Son muchos los que siguen percibiendo el protocolo como algo rígido, inflexible y centrado exclusivamente en cuestiones de etiqueta que afectan solo a la realeza. Es cierto que hasta hace poco tiempo la RAE definía protocolo como “regla ceremonial diplomática o palatina establecida por decreto o por costumbre”, una definición que ciertamente no se ajustaba a la realidad y que podía dar esa visión equivocada que tienen quienes presumen de “saltarse un protocolo” al que después culpan por no haber sido invitados a un determinado acto o no tener asignada la ubicación deseada en el mismo.

En más de una ocasión hemos escuchado como personas que necesitan y se sirven del protocolo en su trabajo, “presumen” de ser poco “protocolarios”. Hace un tiempo leí un artículo en el que cierta personalidad manifestaba no considerarse un “obsesionado del protocolo” porque la gente se podía dirigir a él de la forma que creyese más conveniente.

Los de protocolo repetimos una y otra vez (aunque parece que no es suficiente) que el hecho de mostrar cercanía, amabilidad y de huir de la excesiva afectación en el trato, poco tiene que ver con no ser “protocolario”. Se trata únicamente de una cuestión de buena educación y de saber adaptarse a cada circunstancia, el respeto en el trato con los demás debe ser mutuo y tan arrogante es el que exige un determinado tratamiento a quien desconoce el uso del mismo, como quien conociendo las reglas básicas de la cortesía las incumple presumiendo de una “naturalidad” que en la mayoría de los casos resulta artificial.

La arrogancia o inflexibilidad no son defectos propios del protocolo, como tampoco son virtudes del mismo la naturalidad o amabilidad.
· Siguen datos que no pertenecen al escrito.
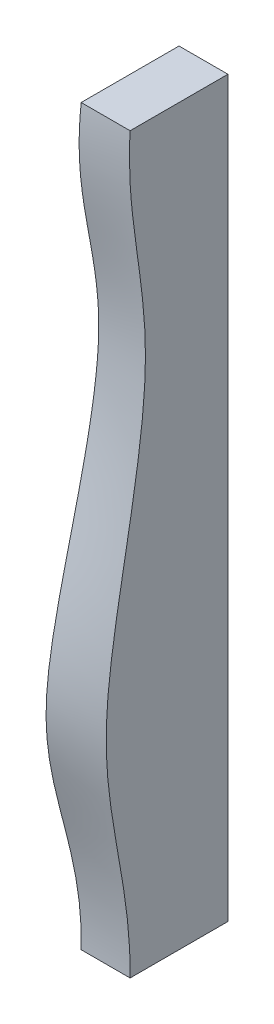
ISO-10303-21;
HEADER;
FILE_DESCRIPTION(('STEP AP214'),'2;1');
FILE_NAME('part.step','',(''),(''),'','','');
FILE_SCHEMA(('AUTOMOTIVE_DESIGN { 1 0 10303 214 1 1 1 1 }'));
ENDSEC;
DATA;
#1=APPLICATION_CONTEXT('core data for automotive mechanical design processes');
#2=APPLICATION_PROTOCOL_DEFINITION('international standard','automotive_design',2000,#1);
#3=PRODUCT_CONTEXT('',#1,'mechanical');
#4=PRODUCT('Part','Part','',(#3));
#5=PRODUCT_RELATED_PRODUCT_CATEGORY('part','',(#4));
#6=PRODUCT_DEFINITION_FORMATION('','',#4);
#7=PRODUCT_DEFINITION_CONTEXT('part definition',#1,'design');
#8=PRODUCT_DEFINITION('design','',#6,#7);
#9=PRODUCT_DEFINITION_SHAPE('','',#8);
#10=(LENGTH_UNIT() NAMED_UNIT(*) SI_UNIT(.MILLI.,.METRE.));
#11=(NAMED_UNIT(*) PLANE_ANGLE_UNIT() SI_UNIT($,.RADIAN.));
#12=(NAMED_UNIT(*) SI_UNIT($,.STERADIAN.) SOLID_ANGLE_UNIT());
#13=UNCERTAINTY_MEASURE_WITH_UNIT(LENGTH_MEASURE(1.E-05),#10,'distance_accuracy_value','');
#14=(GEOMETRIC_REPRESENTATION_CONTEXT(3) GLOBAL_UNCERTAINTY_ASSIGNED_CONTEXT((#13)) GLOBAL_UNIT_ASSIGNED_CONTEXT((#10,
#11,#12)) REPRESENTATION_CONTEXT('',''));
#15=CARTESIAN_POINT('',(0.,0.,0.));
#16=DIRECTION('',(0.,0.,1.));
#17=DIRECTION('',(1.,0.,0.));
#18=AXIS2_PLACEMENT_3D('',#15,#16,#17);
#19=CARTESIAN_POINT('',(650.,375.,253.120113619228));
#20=DIRECTION('',(1.,0.,0.));
#21=DIRECTION('',(0.,0.,-1.));
#22=AXIS2_PLACEMENT_3D('',#19,#20,#21);
#23=PLANE('',#22);
#24=CARTESIAN_POINT('',(650.,375.,100.));
#25=CARTESIAN_POINT('',(650.,373.529887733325,100.089583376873));
#26=CARTESIAN_POINT('',(650.,372.059231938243,100.170200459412));
#27=CARTESIAN_POINT('',(650.,369.117059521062,100.313644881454));
#28=CARTESIAN_POINT('',(650.,367.645542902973,100.376472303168));
#29=CARTESIAN_POINT('',(650.,364.704940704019,100.484368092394));
#30=CARTESIAN_POINT('',(650.,363.235856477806,100.529473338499));
#31=CARTESIAN_POINT('',(650.,360.2972640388,100.602322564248));
#32=CARTESIAN_POINT('',(650.,358.827755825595,100.630066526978));
#33=CARTESIAN_POINT('',(650.,354.423278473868,100.687567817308));
#34=CARTESIAN_POINT('',(650.,351.487937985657,100.691755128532));
#35=CARTESIAN_POINT('',(650.,345.620681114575,100.634585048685));
#36=CARTESIAN_POINT('',(650.,342.688764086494,100.573288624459));
#37=CARTESIAN_POINT('',(650.,336.828206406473,100.388873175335));
#38=CARTESIAN_POINT('',(650.,333.899564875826,100.265781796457));
#39=CARTESIAN_POINT('',(650.,328.045452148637,99.9622336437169));
#40=CARTESIAN_POINT('',(650.,325.11998078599,99.7817800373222));
#41=CARTESIAN_POINT('',(650.,319.263640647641,99.3681176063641));
#42=CARTESIAN_POINT('',(650.,316.332783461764,99.1347461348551));
#43=CARTESIAN_POINT('',(650.,310.474284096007,98.6215532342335));
#44=CARTESIAN_POINT('',(650.,307.546643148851,98.3417178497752));
#45=CARTESIAN_POINT('',(650.,301.694438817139,97.74228273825));
#46=CARTESIAN_POINT('',(650.,298.769876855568,97.4226692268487));
#47=CARTESIAN_POINT('',(650.,292.92362331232,96.7509641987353));
#48=CARTESIAN_POINT('',(650.,290.001932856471,96.3988629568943));
#49=CARTESIAN_POINT('',(650.,284.161156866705,95.6699647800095));
#50=CARTESIAN_POINT('',(650.,281.242071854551,95.2931636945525));
#51=CARTESIAN_POINT('',(650.,275.406197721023,94.5230185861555));
#52=CARTESIAN_POINT('',(650.,272.489408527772,94.1296751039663));
#53=CARTESIAN_POINT('',(650.,266.67410172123,93.3370505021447));
#54=CARTESIAN_POINT('',(650.,263.775577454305,92.937817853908));
#55=CARTESIAN_POINT('',(650.,257.979159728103,92.1394687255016));
#56=CARTESIAN_POINT('',(650.,255.081266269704,91.7403522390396));
#57=CARTESIAN_POINT('',(650.,249.284838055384,90.9503637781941));
#58=CARTESIAN_POINT('',(650.,246.386303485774,90.5594904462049));
#59=CARTESIAN_POINT('',(650.,240.587344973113,89.7939371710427));
#60=CARTESIAN_POINT('',(650.,237.68692122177,89.4192557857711));
#61=CARTESIAN_POINT('',(650.,231.882975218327,88.6937461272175));
#62=CARTESIAN_POINT('',(650.,228.979452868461,88.3429186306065));
#63=CARTESIAN_POINT('',(650.,223.168151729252,87.6723910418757));
#64=CARTESIAN_POINT('',(650.,220.260372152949,87.3526977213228));
#65=CARTESIAN_POINT('',(650.,214.454247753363,86.7527745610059));
#66=CARTESIAN_POINT('',(650.,211.555921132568,86.4723697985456));
#67=CARTESIAN_POINT('',(650.,205.754719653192,85.9554568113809));
#68=CARTESIAN_POINT('',(650.,202.851843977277,85.7189576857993));
#69=CARTESIAN_POINT('',(650.,197.042529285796,85.2955327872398));
#70=CARTESIAN_POINT('',(650.,194.136090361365,85.1086057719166));
#71=CARTESIAN_POINT('',(650.,188.320636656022,84.7892653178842));
#72=CARTESIAN_POINT('',(650.,185.41162236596,84.6568430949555));
#73=CARTESIAN_POINT('',(650.,181.046879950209,84.5022034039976));
#74=CARTESIAN_POINT('',(650.,179.59190635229,84.457991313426));
#75=CARTESIAN_POINT('',(650.,176.681571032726,84.3846652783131));
#76=CARTESIAN_POINT('',(650.,175.226209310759,84.3555513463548));
#77=CARTESIAN_POINT('',(650.,172.315529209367,84.31283446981));
#78=CARTESIAN_POINT('',(650.,170.86021087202,84.2992286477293));
#79=CARTESIAN_POINT('',(650.,167.949510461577,84.2878807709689));
#80=CARTESIAN_POINT('',(650.,166.494128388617,84.2901386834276));
#81=CARTESIAN_POINT('',(650.,164.308571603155,84.3056671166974));
#82=CARTESIAN_POINT('',(650.,163.578349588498,84.3128903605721));
#83=CARTESIAN_POINT('',(650.,162.117957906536,84.331456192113));
#84=CARTESIAN_POINT('',(650.,161.387788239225,84.3427987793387));
#85=CARTESIAN_POINT('',(650.,159.197389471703,84.3828568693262));
#86=CARTESIAN_POINT('',(650.,157.737267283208,84.4176027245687));
#87=CARTESIAN_POINT('',(650.,154.817275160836,84.5021741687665));
#88=CARTESIAN_POINT('',(650.,153.357405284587,84.5520017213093));
#89=CARTESIAN_POINT('',(650.,150.43822333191,84.6658338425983));
#90=CARTESIAN_POINT('',(650.,148.978911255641,84.7298384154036));
#91=CARTESIAN_POINT('',(650.,144.601257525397,84.9418621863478));
#92=CARTESIAN_POINT('',(650.,141.683868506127,85.1098712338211));
#93=CARTESIAN_POINT('',(650.,135.851597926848,85.4931062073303));
#94=CARTESIAN_POINT('',(650.,132.936717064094,85.7083425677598));
#95=CARTESIAN_POINT('',(650.,127.110055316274,86.1807244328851));
#96=CARTESIAN_POINT('',(650.,124.198274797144,86.437874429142));
#97=CARTESIAN_POINT('',(650.,118.378515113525,86.9898248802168));
#98=CARTESIAN_POINT('',(650.,115.470535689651,87.284622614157));
#99=CARTESIAN_POINT('',(650.,109.647268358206,87.9092447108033));
#100=CARTESIAN_POINT('',(650.,106.731994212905,88.2391968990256));
#101=CARTESIAN_POINT('',(650.,100.905713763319,88.9296286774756));
#102=CARTESIAN_POINT('',(650.,97.9947066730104,89.2901016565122));
#103=CARTESIAN_POINT('',(650.,92.176583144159,90.038377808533));
#104=CARTESIAN_POINT('',(650.,89.269466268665,90.4261775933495));
#105=CARTESIAN_POINT('',(650.,83.4587801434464,91.226152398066));
#106=CARTESIAN_POINT('',(650.,80.55521068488,91.6383259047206));
#107=CARTESIAN_POINT('',(650.,74.7513026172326,92.4842869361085));
#108=CARTESIAN_POINT('',(650.,71.8509639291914,92.9180739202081));
#109=CARTESIAN_POINT('',(650.,66.0532253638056,93.8046613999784));
#110=CARTESIAN_POINT('',(650.,63.1558254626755,94.2574617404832));
#111=CARTESIAN_POINT('',(650.,54.5077571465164,95.6342445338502));
#112=CARTESIAN_POINT('',(650.,48.7609601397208,96.5825497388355));
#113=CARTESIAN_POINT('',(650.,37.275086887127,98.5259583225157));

Estas faltas o cualidades son más bien atribuibles a las personas y todos somos susceptibles de tenerlas en mayor o menor grado. El protocolo, precisamente, aporta las herramientas necesarias para lidiar con todas ellas en situaciones donde el entendimiento y la cordialidad son necesarios para llevar a buen término acciones conjuntas.

Por tanto, prescindir del protocolo -es decir, de todo aquello que nos ayuda a equilibrar los diferentes intereses personales favoreciendo la fluidez en nuestras interacciones- pone de manifiesto nuestra vanidad, más que nuestra naturalidad. Una vanidad que nos hace creer que en la balanza siempre pesan más nuestras virtudes que las de los demás y que nos lleva erróneamente a prescindir de lo imprescindible.

¡ESPERO VUESTROS COMENATRIOS!

SALUDOS.

BELÉN EGEA.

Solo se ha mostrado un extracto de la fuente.